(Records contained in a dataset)
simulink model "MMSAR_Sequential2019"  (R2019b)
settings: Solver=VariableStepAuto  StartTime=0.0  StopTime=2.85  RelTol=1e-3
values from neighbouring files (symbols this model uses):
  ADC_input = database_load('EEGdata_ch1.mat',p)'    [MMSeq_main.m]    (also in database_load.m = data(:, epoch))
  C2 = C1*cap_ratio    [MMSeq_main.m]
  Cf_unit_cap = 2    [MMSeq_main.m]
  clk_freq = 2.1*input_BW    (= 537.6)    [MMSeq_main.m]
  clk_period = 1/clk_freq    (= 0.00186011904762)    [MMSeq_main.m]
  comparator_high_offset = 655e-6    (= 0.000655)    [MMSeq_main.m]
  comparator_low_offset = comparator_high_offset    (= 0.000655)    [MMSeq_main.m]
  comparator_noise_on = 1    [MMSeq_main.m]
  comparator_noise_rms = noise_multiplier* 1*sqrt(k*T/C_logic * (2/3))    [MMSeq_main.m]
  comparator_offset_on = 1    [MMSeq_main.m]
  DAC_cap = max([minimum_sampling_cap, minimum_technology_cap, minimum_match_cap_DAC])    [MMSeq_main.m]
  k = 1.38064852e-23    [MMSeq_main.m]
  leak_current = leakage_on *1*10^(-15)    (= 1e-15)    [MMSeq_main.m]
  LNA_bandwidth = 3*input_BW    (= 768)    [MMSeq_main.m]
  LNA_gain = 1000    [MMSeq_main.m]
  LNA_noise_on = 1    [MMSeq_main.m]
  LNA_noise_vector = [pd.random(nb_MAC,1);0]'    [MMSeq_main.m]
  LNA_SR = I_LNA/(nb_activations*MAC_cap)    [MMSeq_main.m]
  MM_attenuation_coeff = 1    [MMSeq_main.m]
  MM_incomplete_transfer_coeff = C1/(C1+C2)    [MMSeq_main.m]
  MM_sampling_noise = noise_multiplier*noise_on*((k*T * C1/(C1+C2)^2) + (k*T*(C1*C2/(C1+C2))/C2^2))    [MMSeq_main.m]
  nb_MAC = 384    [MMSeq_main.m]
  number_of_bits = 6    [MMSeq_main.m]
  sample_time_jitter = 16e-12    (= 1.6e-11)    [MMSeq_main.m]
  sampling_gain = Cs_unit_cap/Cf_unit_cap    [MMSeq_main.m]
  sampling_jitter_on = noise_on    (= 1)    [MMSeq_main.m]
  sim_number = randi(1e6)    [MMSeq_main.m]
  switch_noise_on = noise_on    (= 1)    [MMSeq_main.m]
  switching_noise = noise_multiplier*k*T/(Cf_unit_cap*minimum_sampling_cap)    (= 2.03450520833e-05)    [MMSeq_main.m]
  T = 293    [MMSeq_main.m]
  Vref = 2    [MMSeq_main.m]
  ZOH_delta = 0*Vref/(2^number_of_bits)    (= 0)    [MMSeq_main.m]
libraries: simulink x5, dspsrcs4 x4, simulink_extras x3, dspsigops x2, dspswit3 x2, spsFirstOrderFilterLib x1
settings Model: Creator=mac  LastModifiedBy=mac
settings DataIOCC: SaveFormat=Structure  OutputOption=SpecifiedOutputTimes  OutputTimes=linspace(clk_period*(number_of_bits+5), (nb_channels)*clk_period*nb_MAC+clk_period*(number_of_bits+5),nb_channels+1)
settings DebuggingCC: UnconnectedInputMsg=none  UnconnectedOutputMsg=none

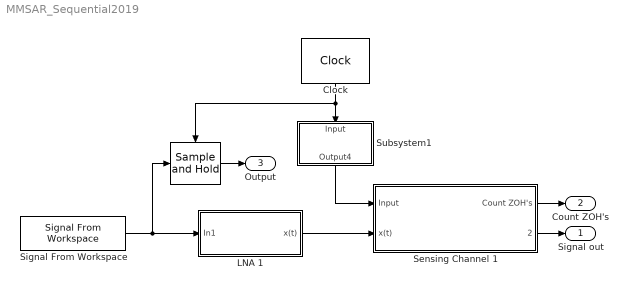
== system MMSAR_Sequential2019 ==
  "           " : dspsigops/Sample and Hold  trig=Rising edge  initCond=0  latchinput=off
  Clock : simulink_extras/Flip Flops/Clock  period=clk_period
  LNA 1 : Subsystem
      mask Display: text(.5, .5, 'LNA', 'horizontalAlignment', 'center', 'verticalAlignment', 'middle')
  Sensing Channel 1 : Subsystem
      mask Display: text(.5, .5, 'Sensing channel', 'horizontalAlignment', 'center', 'verticalAlignment', 'middle')
  Signal From Workspace : dspsrcs4/Signal From Workspace  X=ADC_input  Ts=clk_period  nsamps=1  OutputAfterFinalValue=Cyclic repetition  ignoreOrWarnInputAndFrameLengths=off  OutputFrames=off
  Subsystem1 : Subsystem
      mask Display: text(.5, .5, 'Clocking block', 'horizontalAlignment', 'center', 'verticalAlignment', 'middle')
  Signal out : Outport
  Count ZOH's : Outport  Port=2
  Output : Outport  Port=3
  wires:
  Sensing Channel 1/1(Count ZOH's) -> Count ZOH's/1
  Subsystem1/1(Output4) -> Sensing Channel 1/1(Input)
  Signal From Workspace/1 -> "           "/1, LNA 1/1(In1)
  LNA 1/1(x(t)) -> Sensing Channel 1/2(x(t))
  Clock/1 -> Subsystem1/1(Input), "           "/Trigger
  Sensing Channel 1/2(" ") -> Signal out/1
  "           "/1 -> Output/1

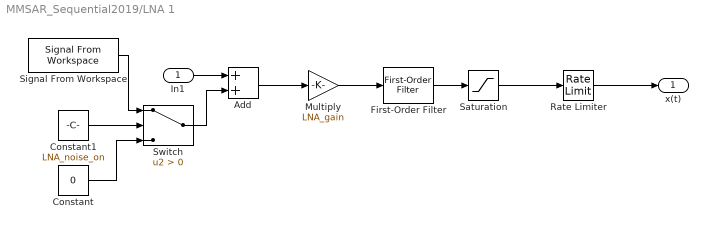
== system MMSAR_Sequential2019/LNA 1 ==
  In1 : Inport
  Add : Sum
  Constant : Constant  Value=0
  Constant1 : Constant  Value=LNA_noise_on
  First-Order Filter : spsFirstOrderFilterLib/First-Order Filter  FilterType=Lowpass  Tc=1/(LNA_bandwidth*2*pi)  Ts=0  Initialize=on  Vac_Init=[0, 0, 60]  Vdc_Init=(LNA_noise_vector(1,1)+double(ADC_input(1,1)))*LNA_gain  PlotResponse=off  FreqRange="[0,  200,  1]"
  Multiply : Gain  Gain=LNA_gain
  Rate Limiter : RateLimiter  RisingSlewLimit=LNA_SR  FallingSlewLimit=-LNA_SR  SampleTimeMode=inherited  InitialCondition=(LNA_noise_vector(1,1)+double(ADC_input(1,1)))*LNA_gain
  Saturation : Saturate  UpperLimit=Vref  LowerLimit=0
  Signal From Workspace : dspsrcs4/Signal From Workspace  X=LNA_noise_vector  Ts=clk_period  nsamps=1  OutputAfterFinalValue=Cyclic repetition  ignoreOrWarnInputAndFrameLengths=off  OutputFrames=off
  Switch : Switch  Criteria=u2 > Threshold
  x(t) : Outport
  wires:
  In1/1 -> Add/1
  Add/1 -> Multiply/1
  Constant/1 -> Switch/3
  Constant1/1 -> Switch/2
  Switch/1 -> Add/2
  Multiply/1 -> First-Order Filter/1
  Signal From Workspace/1 -> Switch/1
  First-Order Filter/1 -> Saturation/1
  Saturation/1 -> Rate Limiter/1
  Rate Limiter/1 -> x(t)/1

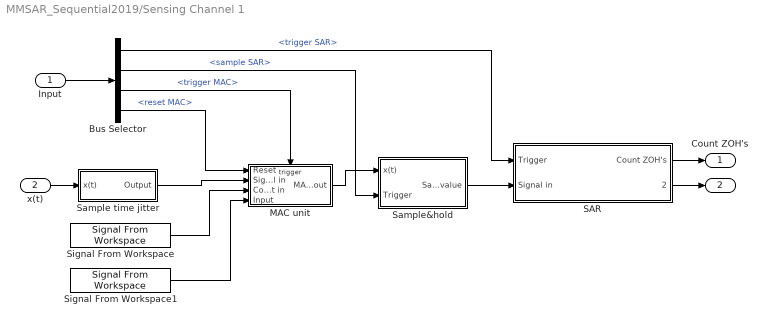
== system MMSAR_Sequential2019/Sensing Channel 1 ==
  Input : Inport
  x(t) : Inport  Port=2
  Bus Selector : BusSelector  OutputSignals=trigger SAR,sample SAR,trigger MAC,reset MAC
  MAC unit : Subsystem
      mask Display: text(.5, .5, 'MAC unit', 'horizontalAlignment', 'center', 'verticalAlignment', 'middle')
  SAR : Subsystem
      mask Display: text(.5, .5, 'ZOH SAR', 'horizontalAlignment', 'center', 'verticalAlignment', 'middle')
  Sample time jitter : Subsystem
      mask Display: text(.5, .5, 'Sampling jitter', 'horizontalAlignment', 'center', 'verticalAlignment', 'middle')
  Sample&hold : Subsystem
      mask Display: text(.5, .5, 'Sample & hold', 'horizontalAlignment', 'center', 'verticalAlignment', 'middle')
  Signal From Workspace : dspsrcs4/Signal From Workspace  X=sensing_matrix  Ts=clk_period  nsamps=1  OutputAfterFinalValue=Setting to zero  ignoreOrWarnInputAndFrameLengths=off  OutputFrames=off
  Signal From Workspace1 : dspsrcs4/Signal From Workspace  X=sensingOrderMatrix  Ts=clk_period  nsamps=1  OutputAfterFinalValue=Cyclic repetition  ignoreOrWarnInputAndFrameLengths=off  OutputFrames=off
  Count ZOH's : Outport
  " " : Outport  Port=2
  wires:
  SAR/2(" ") -> " "/1
  MAC unit/1(MAC_out) -> Sample&hold/1(x(t))
  Sample&hold/1(Sampled value) -> SAR/2(Signal in)
  Input/1 -> Bus Selector/1
  Bus Selector/4 -> MAC unit/1(Reset)  "<reset MAC>"
  Bus Selector/2 -> Sample&hold/2(Trigger)  "<sample SAR>"
  Bus Selector/1 -> SAR/1(Trigger)  "<trigger SAR>"
  Signal From Workspace/1 -> MAC unit/3(Coefficient in)
  Bus Selector/3 -> MAC unit/Trigger  "<trigger MAC>"
  SAR/1(Count ZOH's) -> Count ZOH's/1
  x(t)/1 -> Sample time jitter/1(x(t))
  Sample time jitter/1(Output) -> MAC unit/2(Signal in)
  Signal From Workspace1/1 -> MAC unit/4(Input)

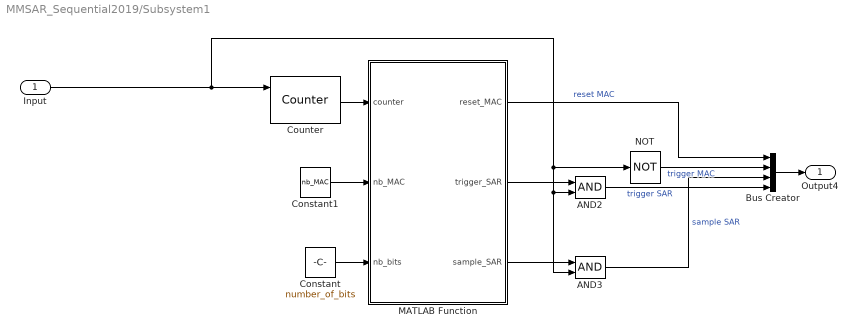
== system MMSAR_Sequential2019/Subsystem1 ==
  Input : Inport
  AND2 : Logic  IconShape=distinctive  AllPortsSameDT=off  OutDataTypeStr=boolean
  AND3 : Logic  IconShape=distinctive  AllPortsSameDT=off  OutDataTypeStr=boolean
  Bus Creator : BusCreator  Inputs=4
  Constant : Constant  Value=number_of_bits
  Constant1 : Constant  Value=nb_MAC
  Counter : dspswit3/Counter  Direction=Up  CountEvent=Rising edge  CounterSize=User defined  MaxCount=nb_MAC-1  InitialCount=0  Output=Count  HitValue=32  ResetInput=on  SamplesPerFrame=1  Ts=1  CntDtype=double  HitDtype=Logical
  MATLAB Function : MATLAB Function  TreatAsAtomicUnit=on
  NOT : Logic  Operator=NOT  IconShape=distinctive  AllPortsSameDT=off  OutDataTypeStr=boolean
  Output4 : Outport
  wires:
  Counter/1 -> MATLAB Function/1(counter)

**Required action:**
Each line above that includes "dspsigops" counts once; state the total and nothing more.

**Answer space:**
2